Tufts was ranked 28th in U.S. News & World Report's annual "America's Best Colleges" edition, which hit newsstands Friday. The University tied with the University of North Carolina for the second year in a row.

Princeton University topped the list for the third year in a row, while Harvard and Yale tied for second place.

Tufts was also recognized as among the universities with the "Most Diversity," "Best Value," "Most Selective," "Highest Graduation Rates," "Least Amount of Debt," and "Best Undergraduate Engineering Program."

Two Tufts students were also mentioned in the magazine, as Kaity Colon and Kate Elder were quoted in a feature article about how to survive one's freshman year of college. Colon told U.S. News & World Report that "there will be classes where you'll work your behind off and you will get a C." Colon said that because college is an intellectual jump from high school, she had to change her study habits to return to getting A's and B's.

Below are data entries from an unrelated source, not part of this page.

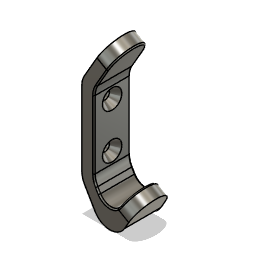
_Coat Hook.80e45464-1aeb-45e0-a7aa-d7af2d9fd1fd (Autodesk Fusion 360 design; units mm, degrees)
part number: 2025-06-09-20-10-25-206
Autodesk Fusion 360 part; units mm, degrees
sketch "Sketch1" plane through (0, 0, 0) normal (0, 0, 1) x (1, 0, 0)
  line L0 (10, 52.3205) -> (0, 35)
  line L1 (0, 35) -> (0, 0)
  line L2 (0, 0) -> (5.4848, -9.5)
  line L3 (17.6092, -9.5) -> (23.094, 0)
  line L4 (14.3301, 49.8205) -> (5, 33.6603)
  line L5 (5, 33.6603) -> (5, 1.3397)
  line L6 (5, 1.3397) -> (7.2169, -2.5)
  line L7 (15.8771, -2.5) -> (18.7639, 2.5)
  line L8 (23.094, 0) -> (18.7639, 2.5)
  line L9 (14.3301, 49.8205) -> (10, 52.3205)
  arc A0 (7.2169, -2.5) -> (15.8771, -2.5) centre (11.547, 0) ccw
  arc A1 (5.4848, -9.5) -> (17.6092, -9.5) centre (11.547, -6) ccw
  point P0 (11.547, -20)
  dimension "d1" = 35
  dimension "d2" = 20
  dimension "d3" = 20
  dimension "d4" = 20
  dimension "d5" = 150
  dimension "d6" = 150
  dimension "d8" = 5
  dimension "d9" = 7
  constraint coincident L1.end L2.start
  constraint vertical L1
  constraint parallel L0 L3
  constraint perpendicular L0 L9
  constraint tangent L6 A0
  constraint tangent L7 A0
  constraint coincident P0 L2
  constraint coincident P0 L3
  constraint tangent L2 A1
  constraint tangent L3 A1
  measures "d1" distance of L0.end L1.end
  measures "d2" distance of L0.start L0.end
  measures "d3" vertical distance of L1.end P0
  measures "d4" vertical distance of P0 L3.end
  measures "d5" angle of L0 L1
  measures "d6" angle of L1 L2
  measures "d8" radius of A0
  measures "d9" radius of A1
extrude "Extrude1" add sketch "Sketch1" along normal blind 15
sketch "Sketch2" plane through (5, 0, 0) normal (1, 0, 0) x (0, 0, -1)
  line L0 (0, 1.3397) -> (0, 33.6603)
  line L1 (0, 33.6603) -> (-15, 33.6603)
  line L2 (-15, 33.6603) -> (-15, 1.3397)
  line L3 (-15, 1.3397) -> (0, 1.3397)
  line L4 (-7.5, 1.3397) -> (-7.5, 33.6603) construction
  line L5 (-15, 17.5) -> (0, 17.5) construction
  circle A0 centre (-7.5, 26.7565) radius 4
  circle A1 centre (-7.5, 8.2435) radius 4
  dimension "d12" = 8
  dimension "d13" = 6.9037
  constraint midpoint L3 L4.start
  constraint midpoint L1 L4.end
  constraint midpoint L2 L5.start
  constraint midpoint L0 L5.end
  constraint coincident L4 A0.centre
  constraint symmetric L5 A0 A1
  measures "d12" diameter of A0
  measures "d13" distance of L4.end A0.centre
extrude "Extrude2" cut sketch "Sketch2" against normal blind 3 draft -35 contours A0 | A1
extrude "Extrude3" cut 2 faces at (2, 27.3459, 7.7313) (2, 8.7385, 7.1999) along direction (-1, 0, 0) through all
fillet "Fillet1" radius 7.5 4 edges at (20.9289, 1.25, 15) (20.9289, 1.25, 0) (12.1651, 51.0705, 15) (12.1651, 51.0705, 0)
fillet "Fillet2" radius 8 4 edges at (5, 1.3397, 7.5) (0, 0, 7.5) (0, 35, 7.5) (5, 33.6603, 7.5)
fillet "Fillet3" radius 0.5 16 edges at (5.2726, 33.5872, 15) (8.326, 39.421, 15) (14.3301, 49.8205, 7.5) (8.326, 39.421, 0) (5.2726, 33.5872, 0) (5, 17.5, 0) (5.2726, 1.4128, 0) (6.6443, -1.5083, 0) (10.6702, -4.9225, 0) (15.3815, -3.2072, 0.0512) (18.7639, 2.5, 7.5) (15.3815, -3.2072, 14.9488) (10.6702, -4.9225, 15) (6.6443, -1.5083, 15) (5.2726, 1.4128, 15) (5, 17.5, 15)
equation "d3 = d2"
equation "d4 = d2"
equation "d6 = d5"

Elder recommended that students join an extracurricular activity to meet more people and to ease the transition from high school to college. Elder became active in the Leonard Carmichael Society and said it "was an instant group of friends."

Amid the usual controversy over the validity of the rankings, many prospective Tufts students say the rankings will have little to no effect on their college decision. "I've looked at [the rankings], but in the top 50 it doesn't really matter," high school senior Lauren Janowitz said during a visit to the University on Saturday. While the rankings are "a place to start from," she does not think they necessarily reflect the quality of each school.

"They're all really good schools," Janowitz said.

The public's perception of Tufts is more important than its ranking, high school senior Matthew Bellof said. "Tufts has a really good reputation," he said.

But others, like prospective student Alexandra Hartz say rankings do affect college decisions. The rankings "affect where I could get into and where I look," Hartz said. "My parents base which school is better on how they're ranked."

A recent poll of over 500 high school seniors published by independent polling organization Arts & Science Group, which focuses on higher education issues, found that many high school students have heard of or read the rankings. But the poll also showed that while some use them as a tool in their college searches, others consider them inconsequential.

Of the students polled, 21 percent said the rankings were "extremely valuable," while 18 percent said they were "not valuable at all."

Prospective college students most often turn to current college students, admissions representatives, parents, and college catalogs in gathering information about different institutions. Students found news magazine rankings to be "unreliable," and used them "largely to validate and inform pre-existing college interests and evaluations," the polling group reported.

U.S. News & World Report uses basic statistics _ acceptance rates, freshmen retention rates, graduation rates, endowment _ and "peer assessment" to formulate its rankings. The peer assessment portion for a given school is based on opinions gathered from top-level university administrators of other institutions. A quarter of a school's ranking is based on these assessments, which are designed to evaluate the "intangibles" of each school. Tufts' peer assessment score was 3.6 out of a possible 5.0.

About 65 percent of the peer assessment surveys sent out were completed and returned.

Tufts and 248 other universities were ranked in the category of national-doctoral universities. Liberal arts colleges, regional master's degree universities, and regional bachelor's degree universities were ranked in separate categories.